[[ Extracted material open ]]

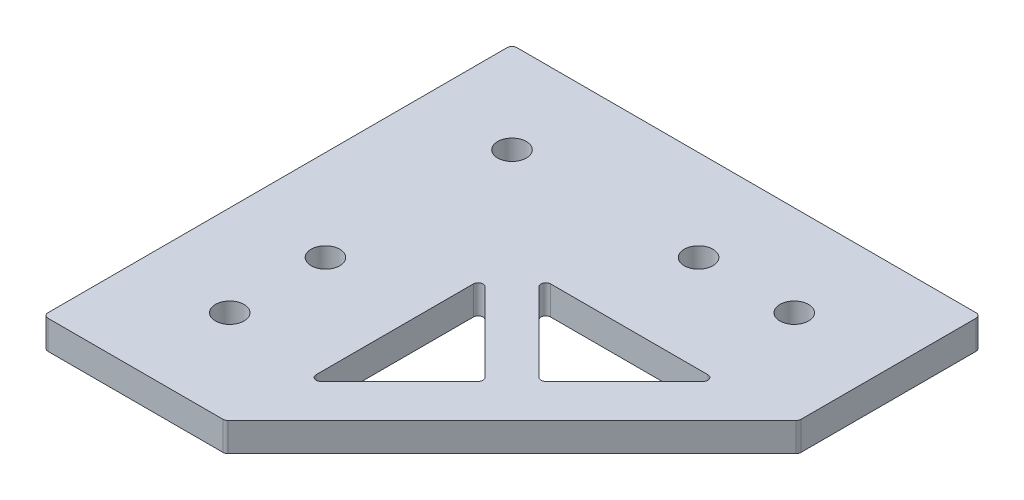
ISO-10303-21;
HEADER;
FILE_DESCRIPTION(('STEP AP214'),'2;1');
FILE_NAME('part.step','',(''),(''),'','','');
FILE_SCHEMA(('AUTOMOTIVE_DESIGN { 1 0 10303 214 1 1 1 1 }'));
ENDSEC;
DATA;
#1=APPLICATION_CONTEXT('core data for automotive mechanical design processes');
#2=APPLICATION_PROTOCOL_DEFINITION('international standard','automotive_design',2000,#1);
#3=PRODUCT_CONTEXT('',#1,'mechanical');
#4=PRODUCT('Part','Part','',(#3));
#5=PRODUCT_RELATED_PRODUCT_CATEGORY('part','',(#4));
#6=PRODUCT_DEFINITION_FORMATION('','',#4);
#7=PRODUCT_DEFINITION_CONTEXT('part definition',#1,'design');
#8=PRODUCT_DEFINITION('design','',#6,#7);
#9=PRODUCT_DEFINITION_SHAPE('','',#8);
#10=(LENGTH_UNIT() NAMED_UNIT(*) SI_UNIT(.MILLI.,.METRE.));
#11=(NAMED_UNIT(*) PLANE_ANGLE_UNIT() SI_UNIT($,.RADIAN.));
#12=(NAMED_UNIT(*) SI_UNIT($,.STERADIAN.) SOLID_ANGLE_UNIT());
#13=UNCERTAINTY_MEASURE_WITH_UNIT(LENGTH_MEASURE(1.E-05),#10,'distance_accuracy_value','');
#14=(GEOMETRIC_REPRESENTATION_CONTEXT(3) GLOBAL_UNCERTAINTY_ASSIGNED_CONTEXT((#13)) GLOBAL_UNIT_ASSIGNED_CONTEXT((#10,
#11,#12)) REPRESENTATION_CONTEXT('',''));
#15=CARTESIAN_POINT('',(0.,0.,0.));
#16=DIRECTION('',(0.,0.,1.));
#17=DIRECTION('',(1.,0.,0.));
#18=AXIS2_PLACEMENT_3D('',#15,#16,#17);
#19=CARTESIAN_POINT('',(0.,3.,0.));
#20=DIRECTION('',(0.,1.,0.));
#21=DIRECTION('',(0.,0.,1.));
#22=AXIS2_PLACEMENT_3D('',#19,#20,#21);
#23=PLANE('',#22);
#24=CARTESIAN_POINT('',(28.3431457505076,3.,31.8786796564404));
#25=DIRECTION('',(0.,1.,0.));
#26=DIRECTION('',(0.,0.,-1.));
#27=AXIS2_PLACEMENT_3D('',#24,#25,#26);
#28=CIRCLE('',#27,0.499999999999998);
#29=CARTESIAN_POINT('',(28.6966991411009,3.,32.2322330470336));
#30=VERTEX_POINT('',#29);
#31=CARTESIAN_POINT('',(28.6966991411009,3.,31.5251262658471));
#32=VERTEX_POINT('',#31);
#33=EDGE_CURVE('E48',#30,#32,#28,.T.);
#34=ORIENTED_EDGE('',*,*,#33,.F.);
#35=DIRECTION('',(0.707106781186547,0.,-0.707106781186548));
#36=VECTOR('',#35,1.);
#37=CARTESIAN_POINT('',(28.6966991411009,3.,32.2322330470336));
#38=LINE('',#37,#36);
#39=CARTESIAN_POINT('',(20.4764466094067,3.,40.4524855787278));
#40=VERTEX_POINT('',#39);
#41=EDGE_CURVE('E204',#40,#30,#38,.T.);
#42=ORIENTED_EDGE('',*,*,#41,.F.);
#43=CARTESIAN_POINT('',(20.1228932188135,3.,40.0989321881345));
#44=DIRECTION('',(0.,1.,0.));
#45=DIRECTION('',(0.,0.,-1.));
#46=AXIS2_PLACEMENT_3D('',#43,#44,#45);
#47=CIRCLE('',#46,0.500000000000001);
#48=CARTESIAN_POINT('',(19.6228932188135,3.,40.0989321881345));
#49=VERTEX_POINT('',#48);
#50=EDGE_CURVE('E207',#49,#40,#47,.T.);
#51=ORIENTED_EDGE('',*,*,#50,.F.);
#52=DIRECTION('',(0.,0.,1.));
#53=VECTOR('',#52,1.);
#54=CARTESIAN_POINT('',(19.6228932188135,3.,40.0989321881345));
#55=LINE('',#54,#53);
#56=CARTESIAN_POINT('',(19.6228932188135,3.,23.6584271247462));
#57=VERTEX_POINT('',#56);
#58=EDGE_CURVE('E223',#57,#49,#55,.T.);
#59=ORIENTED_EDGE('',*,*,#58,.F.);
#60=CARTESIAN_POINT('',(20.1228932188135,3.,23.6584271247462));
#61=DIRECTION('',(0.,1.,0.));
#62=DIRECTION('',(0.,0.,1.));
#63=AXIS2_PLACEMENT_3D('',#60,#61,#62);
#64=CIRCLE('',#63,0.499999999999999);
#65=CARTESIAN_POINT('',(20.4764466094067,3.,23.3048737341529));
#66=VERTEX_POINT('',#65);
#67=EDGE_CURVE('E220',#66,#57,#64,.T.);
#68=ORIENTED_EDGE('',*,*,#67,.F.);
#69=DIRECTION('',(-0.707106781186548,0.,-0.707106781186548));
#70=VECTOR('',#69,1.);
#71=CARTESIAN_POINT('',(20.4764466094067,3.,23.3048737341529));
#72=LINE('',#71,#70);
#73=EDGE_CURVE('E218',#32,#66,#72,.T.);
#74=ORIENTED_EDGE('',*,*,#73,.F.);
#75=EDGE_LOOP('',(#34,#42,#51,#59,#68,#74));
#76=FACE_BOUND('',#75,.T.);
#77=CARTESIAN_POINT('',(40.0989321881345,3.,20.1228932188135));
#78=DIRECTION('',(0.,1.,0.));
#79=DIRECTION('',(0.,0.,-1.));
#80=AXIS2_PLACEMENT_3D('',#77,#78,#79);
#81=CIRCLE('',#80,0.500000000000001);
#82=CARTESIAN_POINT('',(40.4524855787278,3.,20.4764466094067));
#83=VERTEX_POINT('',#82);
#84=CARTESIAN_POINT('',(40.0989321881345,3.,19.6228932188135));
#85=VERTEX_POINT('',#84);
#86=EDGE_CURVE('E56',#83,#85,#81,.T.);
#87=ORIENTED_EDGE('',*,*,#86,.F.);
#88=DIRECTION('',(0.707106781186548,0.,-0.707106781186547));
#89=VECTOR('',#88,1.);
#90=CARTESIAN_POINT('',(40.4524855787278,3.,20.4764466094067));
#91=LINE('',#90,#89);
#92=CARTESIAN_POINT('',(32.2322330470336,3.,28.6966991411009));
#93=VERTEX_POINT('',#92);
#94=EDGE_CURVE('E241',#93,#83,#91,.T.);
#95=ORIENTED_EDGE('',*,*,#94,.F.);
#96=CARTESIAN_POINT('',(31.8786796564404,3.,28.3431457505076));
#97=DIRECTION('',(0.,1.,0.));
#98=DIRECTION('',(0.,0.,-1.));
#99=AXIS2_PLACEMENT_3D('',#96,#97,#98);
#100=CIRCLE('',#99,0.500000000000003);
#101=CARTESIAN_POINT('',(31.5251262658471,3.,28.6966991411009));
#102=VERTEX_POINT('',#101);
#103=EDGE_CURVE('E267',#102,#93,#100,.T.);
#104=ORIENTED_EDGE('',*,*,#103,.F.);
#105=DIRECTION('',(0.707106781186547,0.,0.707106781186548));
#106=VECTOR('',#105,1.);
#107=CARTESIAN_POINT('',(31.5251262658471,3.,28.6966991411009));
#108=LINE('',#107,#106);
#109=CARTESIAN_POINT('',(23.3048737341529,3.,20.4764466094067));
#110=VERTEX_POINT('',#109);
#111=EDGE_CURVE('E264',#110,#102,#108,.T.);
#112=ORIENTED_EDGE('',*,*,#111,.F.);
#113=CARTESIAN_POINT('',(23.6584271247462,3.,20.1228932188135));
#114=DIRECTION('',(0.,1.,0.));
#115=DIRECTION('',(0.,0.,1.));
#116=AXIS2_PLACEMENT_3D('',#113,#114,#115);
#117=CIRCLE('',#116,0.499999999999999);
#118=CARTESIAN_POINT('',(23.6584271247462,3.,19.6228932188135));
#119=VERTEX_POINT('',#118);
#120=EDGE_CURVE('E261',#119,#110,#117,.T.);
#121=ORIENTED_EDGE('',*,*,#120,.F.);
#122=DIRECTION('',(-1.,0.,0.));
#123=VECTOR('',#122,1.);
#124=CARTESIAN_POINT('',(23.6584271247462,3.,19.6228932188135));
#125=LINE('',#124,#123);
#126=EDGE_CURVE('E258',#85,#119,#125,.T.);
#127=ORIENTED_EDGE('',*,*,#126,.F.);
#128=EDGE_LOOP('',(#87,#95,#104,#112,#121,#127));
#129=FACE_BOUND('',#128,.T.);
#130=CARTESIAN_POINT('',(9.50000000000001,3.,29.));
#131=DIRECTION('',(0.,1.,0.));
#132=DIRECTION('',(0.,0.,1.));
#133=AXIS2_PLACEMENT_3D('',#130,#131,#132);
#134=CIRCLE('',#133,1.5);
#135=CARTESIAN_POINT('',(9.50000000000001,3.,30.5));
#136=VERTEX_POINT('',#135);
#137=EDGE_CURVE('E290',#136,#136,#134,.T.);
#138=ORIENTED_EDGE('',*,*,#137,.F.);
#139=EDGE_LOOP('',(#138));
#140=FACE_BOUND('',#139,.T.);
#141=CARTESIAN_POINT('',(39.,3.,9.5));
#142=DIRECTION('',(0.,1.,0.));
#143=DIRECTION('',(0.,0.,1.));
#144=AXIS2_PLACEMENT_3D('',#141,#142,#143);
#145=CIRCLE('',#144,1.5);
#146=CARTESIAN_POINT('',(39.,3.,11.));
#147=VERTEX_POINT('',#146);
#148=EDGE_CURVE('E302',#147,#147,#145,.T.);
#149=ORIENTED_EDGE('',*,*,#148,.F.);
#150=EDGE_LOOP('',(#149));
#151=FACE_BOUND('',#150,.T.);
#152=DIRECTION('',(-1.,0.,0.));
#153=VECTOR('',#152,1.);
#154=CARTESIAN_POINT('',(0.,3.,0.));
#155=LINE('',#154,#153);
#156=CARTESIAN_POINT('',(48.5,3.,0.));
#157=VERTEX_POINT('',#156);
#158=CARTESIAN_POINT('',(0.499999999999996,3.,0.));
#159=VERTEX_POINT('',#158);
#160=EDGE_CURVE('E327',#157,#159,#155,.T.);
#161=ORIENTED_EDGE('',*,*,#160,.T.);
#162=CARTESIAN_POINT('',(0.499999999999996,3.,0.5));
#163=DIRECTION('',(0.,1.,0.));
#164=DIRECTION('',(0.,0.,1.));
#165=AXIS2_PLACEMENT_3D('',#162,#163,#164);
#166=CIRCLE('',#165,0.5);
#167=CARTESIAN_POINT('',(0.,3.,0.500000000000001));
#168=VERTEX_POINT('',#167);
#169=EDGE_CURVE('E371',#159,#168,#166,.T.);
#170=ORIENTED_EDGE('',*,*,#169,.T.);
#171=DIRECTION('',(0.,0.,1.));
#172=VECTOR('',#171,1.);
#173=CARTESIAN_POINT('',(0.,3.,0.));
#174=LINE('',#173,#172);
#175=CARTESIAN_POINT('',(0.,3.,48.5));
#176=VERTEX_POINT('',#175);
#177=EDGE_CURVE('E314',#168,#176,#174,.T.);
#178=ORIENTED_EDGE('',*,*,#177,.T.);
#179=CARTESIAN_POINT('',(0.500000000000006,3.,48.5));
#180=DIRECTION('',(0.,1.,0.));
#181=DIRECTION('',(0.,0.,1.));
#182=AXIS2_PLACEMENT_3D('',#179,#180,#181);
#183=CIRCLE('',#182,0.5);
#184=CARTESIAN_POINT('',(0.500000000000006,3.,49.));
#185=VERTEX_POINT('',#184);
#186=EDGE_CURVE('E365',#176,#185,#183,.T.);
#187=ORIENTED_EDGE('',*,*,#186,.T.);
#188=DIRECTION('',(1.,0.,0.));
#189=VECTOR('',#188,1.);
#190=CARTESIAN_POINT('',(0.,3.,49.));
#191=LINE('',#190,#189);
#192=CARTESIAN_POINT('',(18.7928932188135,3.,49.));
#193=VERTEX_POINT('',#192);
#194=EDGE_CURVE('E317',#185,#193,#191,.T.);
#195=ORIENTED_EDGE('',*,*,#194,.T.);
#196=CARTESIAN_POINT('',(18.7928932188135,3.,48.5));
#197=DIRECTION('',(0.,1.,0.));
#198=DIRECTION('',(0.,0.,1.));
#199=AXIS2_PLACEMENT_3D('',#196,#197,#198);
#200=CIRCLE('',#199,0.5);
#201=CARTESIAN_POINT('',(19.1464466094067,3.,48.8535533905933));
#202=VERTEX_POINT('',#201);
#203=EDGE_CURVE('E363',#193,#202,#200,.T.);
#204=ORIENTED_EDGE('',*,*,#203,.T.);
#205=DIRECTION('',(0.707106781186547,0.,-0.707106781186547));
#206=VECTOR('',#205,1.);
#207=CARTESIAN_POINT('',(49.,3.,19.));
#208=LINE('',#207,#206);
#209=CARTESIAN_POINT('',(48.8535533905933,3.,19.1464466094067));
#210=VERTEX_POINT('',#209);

[[ Extracted material closed ]]

▸ **Exercise details**:
Give the exact lines, and only those, from the line containing "#143=DIRECTION('',(0.,0.,1.));" through the line containing "#150=EDGE_LOOP('',(#149));" in the entries above.

▸ **Result of this task**:
#143=DIRECTION('',(0.,0.,1.));
#144=AXIS2_PLACEMENT_3D('',#141,#142,#143);
#145=CIRCLE('',#144,1.5);
#146=CARTESIAN_POINT('',(39.,3.,11.));
#147=VERTEX_POINT('',#146);
#148=EDGE_CURVE('E302',#147,#147,#145,.T.);
#149=ORIENTED_EDGE('',*,*,#148,.F.);
#150=EDGE_LOOP('',(#149));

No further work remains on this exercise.